What Are Those Weird White Stripes You See on the Road in Winter?

Those white lines aren't just figments of your imagination—they serve an important purpose when it comes to winter driving safety.
The white stripes aren't just for show.
The white stripes aren't just for show. / Wang Yukun, Moment Collection, Getty Images; Justin Dodd, Mental Floss (bubble template)

Have you ever noticed a mysterious streak of white lines on the road right before a winter storm is set to arrive and wondered how they got there? They are not figments of your imagination. In fact, they were purposely applied to the road for a very good reason: your safety.

It’s all part of a method known as anti-icing, which is intended to make roads safer to drive on during harsh winter weather. Typically with this technique, a liquid chemical such as magnesium chloride is used to lower the freezing point of water. (Salt brine solutions made of sodium chloride and water or calcium chloride and water are also popular.) Once the substance has been applied to a path or roadway, it helps prevent snow and ice from forming a strong bond to the pavement below, making it safer for drivers to navigate [PDF]. 
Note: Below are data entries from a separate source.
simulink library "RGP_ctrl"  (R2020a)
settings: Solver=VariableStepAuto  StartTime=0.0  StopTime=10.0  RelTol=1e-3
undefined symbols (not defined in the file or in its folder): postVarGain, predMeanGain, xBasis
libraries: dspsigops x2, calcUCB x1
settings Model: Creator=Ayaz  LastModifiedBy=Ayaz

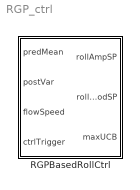
== system RGP_ctrl ==
  RGPBasedRollCtrl : Subsystem  mask{predMeanGain=predMeanGain, postVarGain=postVarGain, xBasis=xBasis, initRollAmpDeg=0, initRollPeriodSec=20}
      mask prompts: predMeanGain "Prediction mean gain"; postVarGain "Posterior variance gain"; xBasis "Basis vector"; initRollAmpDeg "Initial roll amplitude [deg]"; initRollPeriodSec "Initial roll period [sec]"
      mask TypeOptions predMeanGain: Subsystem/predMeanGain
      mask TypeOptions postVarGain: Subsystem/postVarGain
      mask TypeOptions xBasis: Subsystem/xBasis
      mask TypeOptions initRollAmpDeg:
      | Sample
      | and Hold/initCond
      mask TypeOptions initRollPeriodSec:
      | Sample
      | and Hold1/initCond

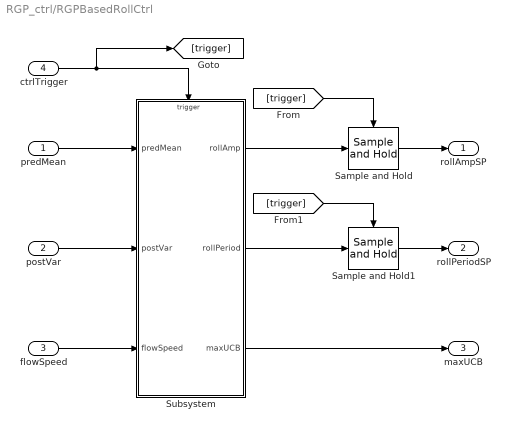
== system RGP_ctrl/RGPBasedRollCtrl ==
  predMean : Inport
  postVar : Inport  Port=2
  flowSpeed : Inport  Port=3
  ctrlTrigger : Inport  Port=4
  Sample and Hold : dspsigops/Sample and Hold  trig=Rising edge  initCond=initRollAmpDeg  latchinput=off
  Sample and Hold1 : dspsigops/Sample and Hold  trig=Rising edge  initCond=initRollPeriodSec  latchinput=off
  Subsystem : Subsystem  mask{predMeanGain=predMeanGain, postVarGain=postVarGain, xBasis=xBasis}
      mask prompts: predMeanGain "Prediction mean gain"; postVarGain "Posterior variance gain"; xBasis "Basis vector"
      mask TypeOptions predMeanGain: UCB/predMeanGain
      mask TypeOptions postVarGain: UCB/postVarGain
      mask TypeOptions xBasis: Constant/Value
  rollAmpSP : Outport
  rollPeriodSP : Outport  Port=2
  maxUCB : Outport  Port=3
  wires:
  predMean/1 -> Subsystem/1(predMean)
  postVar/1 -> Subsystem/2(postVar)
  flowSpeed/1 -> Subsystem/3(flowSpeed)
  Subsystem/2(rollPeriod) -> Sample and Hold1/1
  Sample and Hold/1 -> rollAmpSP/1
  Subsystem/3(maxUCB) -> maxUCB/1
  Subsystem/1(rollAmp) -> Sample and Hold/1
  Sample and Hold1/1 -> rollPeriodSP/1
  ctrlTrigger/1 -> [trigger], Subsystem/Trigger
  [trigger] -> Sample and Hold/Trigger
  [trigger] -> Sample and Hold1/Trigger

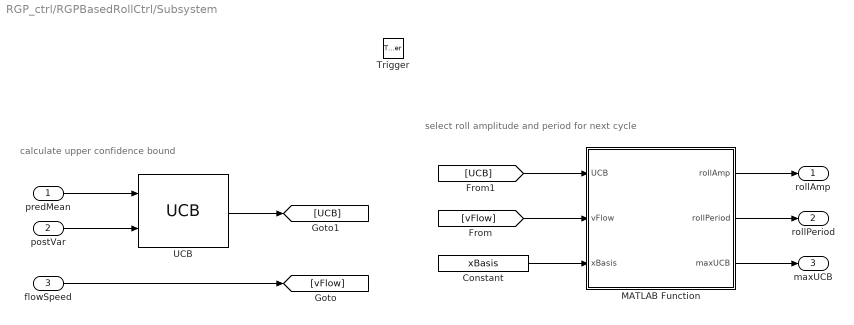
== system RGP_ctrl/RGPBasedRollCtrl/Subsystem ==
  note: select roll amplitude and period for next cycle
  note: calculate upper confidence bound
  predMean : Inport
  postVar : Inport  Port=2
  flowSpeed : Inport  Port=3
  Trigger : TriggerPort  VariantControl=Variant
  Constant : Constant  Value=xBasis  VectorParams1D=off
  MATLAB Function : MATLAB Function  TreatAsAtomicUnit=on
  UCB : calcUCB/UCB  predMeanGain=predMeanGain  postVarGain=postVarGain
  rollAmp : Outport
  rollPeriod : Outport  Port=2
  maxUCB : Outport  Port=3
  wires:
  predMean/1 -> UCB/1
  postVar/1 -> UCB/2
  flowSpeed/1 -> [vFlow]
  UCB/1 -> [UCB]
  [UCB] -> MATLAB Function/1(UCB)
  [vFlow] -> MATLAB Function/2(vFlow)
  Constant/1 -> MATLAB Function/3(xBasis)
  MATLAB Function/1(rollAmp) -> rollAmp/1
  MATLAB Function/2(rollPeriod) -> rollPeriod/1
  MATLAB Function/3(maxUCB) -> maxUCB/1

== matlab function RGP_ctrl/RGPBasedRollCtrl/Subsystem/MATLAB Function ==
  data: UCB input; rollAmp output; vFlow input; xBasis input; rollPeriod output; maxUCB output
function [rollAmp,rollPeriod,maxUCB] = ...
    selectRollAmpAndPeriod(UCB,vFlow,xBasis)

[rollAmp,rollPeriod,maxUCB] = selectRollAmpAndPeriod(UCB,vFlow,xBasis);

end
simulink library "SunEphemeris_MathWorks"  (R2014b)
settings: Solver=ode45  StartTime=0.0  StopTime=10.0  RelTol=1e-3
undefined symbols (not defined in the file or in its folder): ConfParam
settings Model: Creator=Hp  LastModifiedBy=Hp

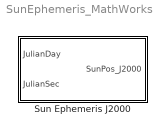
== system SunEphemeris_MathWorks ==
  Sun Ephemeris J2000 : Subsystem

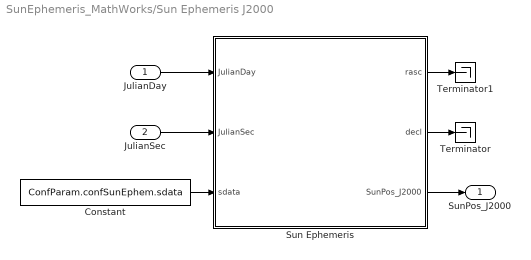
== system SunEphemeris_MathWorks/Sun Ephemeris J2000 ==
  JulianDay : Inport
  JulianSec : Inport  Port=2
  Constant : Constant  Value=ConfParam.confSunEphem.sdata
  Sun Ephemeris : MATLAB Function  TreatAsAtomicUnit=on
  Terminator : Terminator
  Terminator1 : Terminator
  SunPos_J2000 : Outport
  wires:
  Sun Ephemeris/2(decl) -> Terminator/1
  Sun Ephemeris/3(SunPos_J2000) -> SunPos_J2000/1
  JulianDay/1 -> Sun Ephemeris/1(JulianDay)
  Sun Ephemeris/1(rasc) -> Terminator1/1
  Constant/1 -> Sun Ephemeris/3(sdata)
  JulianSec/1 -> Sun Ephemeris/2(JulianSec)

== matlab function SunEphemeris_MathWorks/Sun Ephemeris J2000/Sun Ephemeris ==
  data: JulianDay input; rasc output; JulianSec input; sdata input; decl output; SunPos_J2000 output
function [rasc, decl, SunPos_J2000] = SunEphem (JulianDay, JulianSec, sdata)

% precision ephemeris of the Sun

% input
    
%  jdate = julian ephemeris date

% output

%  rasc = right ascension of the Sun (radians)
%         (0 <= rasc <= 2 pi)
%  decl = declination of the Sun (radians)
%         (-pi/2 <= decl <= pi/2)
%  rsun = eci position vector of the Sun (meters)

% note

%  coordinates are inertial, geocentric,
%  equatorial and true-of-date

% Orbital Mechanics with Matlab

%%%%%%%%%%%%%%%%%%%%%%%%%%%%%%%

sl=zeros(50,1);
sr=zeros(50,1);
sa=zeros(50,1);
sb=zeros(50,1);

% extract data and load arrays

sl(1:1:50) = sdata(1:4:200);
sr(1:1:50) = sdata(2:4:200);
sa(1:1:50) = sdata(3:4:200);
sb(1:1:50) = sdata(4:4:200);

% fundamental time argument
jdate=JulianDay+JulianSec/86400+2.4515445e6;
          
u = (jdate - 2451545) / 3652500;

% compute nutation in longitude

a1 = 2.18 + u * (-3375.7 + u * 0.36);
a2 = 3.51 + u * (125666.39 + u * 0.1);
   
psi = 0.0000001 * (-834 * sin(a1) - 64 * sin(a2));

% compute nutation in obliquity

deps = 0.0000001 * u * (-226938 + u * (-75 + u * (96926 + ...
       u * (-2491 - u * 12104))));

meps = 0.0000001 * (4090928 + 446 * cos(a1) + 28 * cos(a2));
   
eps = meps + deps;
   
seps = sin(eps);
ceps = cos(eps);

dl = 0;
dr = 0;

for i = 1:1:50
    
    w = sa(i) + sb(i) * u;
    
    dl = dl + sl(i) * sin(w);
    
    if (sr(i) ~= 0)
        
       dr = dr + sr(i) * cos(w);
       
    end 
    
end

dl = mod(dl * 0.0000001 + 4.9353929 + 62833.196168 * u, 2.0 * pi);
   
dr = 149597870.691 * (dr * 0.0000001 + 1.0001026);

% geocentric ecliptic position vector of the Sun

rlsun = mod(dl + 0.0000001 * (-993 + 17 * cos(3.1 + 62830.14 * u)) + psi, 2.0 * pi);

rb = 0;

% compute declination and right ascension (radians)

cl = cos(rlsun);
sl = sin(rlsun);
cb = cos(rb);
sb = sin(rb);

decl = asin(ceps * sb + seps * cb * sl);

sra = -seps * sb + ceps * cb * sl;
cra = cb * cl;

rasc = atan3(sra, cra);

SunPos_J2000=zeros(3,1);

% geocentric equatorial position vector of the Sun (kilometers)

SunPos_J2000(1) = dr * cos(rasc) * cos(decl)*1e3;
SunPos_J2000(2) = dr * sin(rasc) * cos(decl)*1e3;
SunPos_J2000(3) = dr * sin(decl)*1e3;

end
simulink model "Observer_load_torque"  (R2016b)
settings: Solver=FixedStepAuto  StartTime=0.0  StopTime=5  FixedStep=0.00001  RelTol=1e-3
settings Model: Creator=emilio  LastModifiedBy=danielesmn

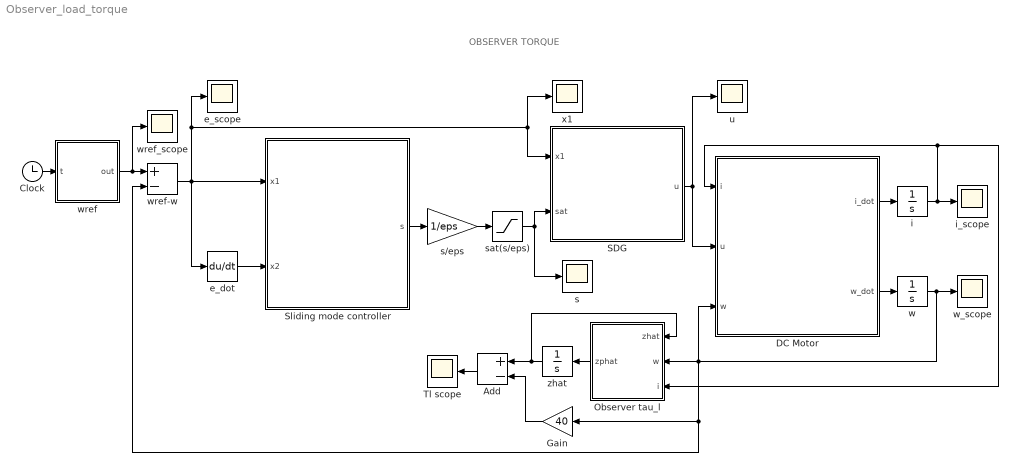
== system Observer_load_torque ==
  note: OBSERVER TORQUE
  Add : Sum  Inputs=+-
  Clock : Clock
  DC Motor : MATLAB Function  TreatAsAtomicUnit=on
  Gain : Gain  Gain=40
  Observer tau_l : MATLAB Function  TreatAsAtomicUnit=on
  SDG : MATLAB Function  TreatAsAtomicUnit=on
  Sliding mode controller : MATLAB Function  TreatAsAtomicUnit=on
  Tl scope : Scope
  e_dot : Derivative
  e_scope : Scope
  i : Integrator
  i_scope : Scope
  s : Scope
  s/eps : Gain  Gain=1/eps
  sat(s/eps) : Saturate  UpperLimit=1  LowerLimit=-1  ZeroCross=off
  u : Scope
  w : Integrator
  w_scope : Scope
  wref : MATLAB Function  TreatAsAtomicUnit=on
  wref-w : Sum  Inputs=+-
  wref_scope : Scope
  x1 : Scope
  zhat : Integrator  InitialCondition=0.1
  wires:
  wref-w/1 -> e_scope/1, x1/1, SDG/1(x1), Sliding mode controller/1(x1), e_dot/1
  wref/1(out) -> wref_scope/1, wref-w/1
  e_dot/1 -> Sliding mode controller/2(x2)
  Clock/1 -> wref/1(t)
  DC Motor/1(i_dot) -> i/1
  DC Motor/2(w_dot) -> w/1
  w/1 -> wref-w/2, Gain/1, DC Motor/3(w), Observer tau_l/2(w), w_scope/1
  i/1 -> i_scope/1, Observer tau_l/3(i), DC Motor/1(i)
  s/eps/1 -> sat(s/eps)/1
  Sliding mode controller/1(s) -> s/eps/1
  SDG/1(u) -> u/1, DC Motor/2(u)
  sat(s/eps)/1 -> SDG/2(sat), s/1
  Observer tau_l/1(zphat) -> zhat/1
  zhat/1 -> Add/1, Observer tau_l/1(zhat)
  Add/1 -> Tl scope/1
  Gain/1 -> Add/2

== matlab function Observer_load_torque/SDG ==
  data: x1 input; u output; sat input
function u = StateDependentGain(x1, sat)

u0 = 1;
delta = 10;

u = (u0 + delta*abs(x1))*sat;

== matlab function Observer_load_torque/Sliding mode controller ==
  data: x1 input; x2 input; s output
function s = SMC(x1, x2)

c = 30;

s = c*x1 + x2;

== matlab function Observer_load_torque/Observer tau_l ==
  data: zhat input; zphat output; w input; i input
function zphat = ObserverTl(zhat, w, i)

J = 0.001; % kg*m^2
kt = 0.008; % N*m/A
l = 40;

zphat = 1/J*(-l*zhat + l^2*w + l*kt*i);

== matlab function Observer_load_torque/wref ==
  data: t input; out output
function out = input(t)

if t > 2 && t < 3.5
    out = 1;
else
    out = -1;
end

== matlab function Observer_load_torque/DC Motor ==
  data: i input; i_dot output; u input; w input; w_dot output
function [i_dot, w_dot] = Dc_Motor(i, u, w) % i: armature current w: shaft speed

%% Model of the DC Motor

L = 0.001;        %Armature inductance (H)
R = 0.5;          %Armature resistance (Ohm)
kt = 0.008;       %Torque constant (Nm/A)
J = 0.001;        %Inertia of the motor rotor (Kg*m^2)
B = 0.01;         %Coefficient of viscous friction (Nm*s/rad)
lambda0 = 0.001;  %Back electromotive force (EMF) constant (V*s/rad)

tauL = B*w;        %Load torque

i_dot = u/L - R/L*i - lambda0/L*w;      %Electrical part model
w_dot = (kt*i - tauL)/J;              %Mechanical part model

According to the Minnesota Stormwater Manual, anti-icing is “like frying eggs: grease the pan and the eggs come out easily with no mess to clean up. Like greasing the frying pan, the purpose of anti-icing is to keep snow from sticking to the pavement.”

That said, the key to any successful anti-icing regimen is to do it at the right time. Incidentally, that’s usually just before any type of rain, sleet, or snowflakes start to fall. It’s a sharp, proactive contrast to de-icing, which is like the inverse of anti-icing (even though the terms do sound similar).

When it comes to de-icing, it’s all about breaking down a bond after it's been formed between snow and/or ice and the pavement. This method is more reactive than proactive, and is a pretty common winter maintenance strategy. Usually it involves applying pre-wetted rock salt [PDF] to roadways after a storm to break down the bond between the snow and the pavement. When you spot snow plows barreling down some wintry terrain, chances are you might even get to see this de-icing technique in real life.

While de-icing is the more widespread method employed on our roads, experts claim it’s actually more expensive than anti-icing. Comparatively, anti-icing is seen as more affordable because it can be done during normal working hours and in non-inclement weather—reducing the need for staffers to work overtime. It also makes post-storm cleanups faster, as the treatment can last for several days at a time. Even if a blizzard doesn’t start right away, you will probably still be covered over the next few days. It also helps prevent snow and ice from sticking to streets to begin with.

Anti-icing advocates also claim that this method is safer for the environment, as fewer chemicals are used and there’s less of a buildup of silt, as well as less of a harmful runoff into stormwater systems and the like. However, the brine solutions used for anti-icing may not always be good news for your car, as those salt crystals often end up in a vehicle’s undercarriage, where they can be corrosive and lead to rust.

To better avoid this, experts say you should wash your car regularly throughout the winter months, paying special attention to the undercarriage (which you may want to clean every 10 days or so) to prevent buildup and overall corrosion.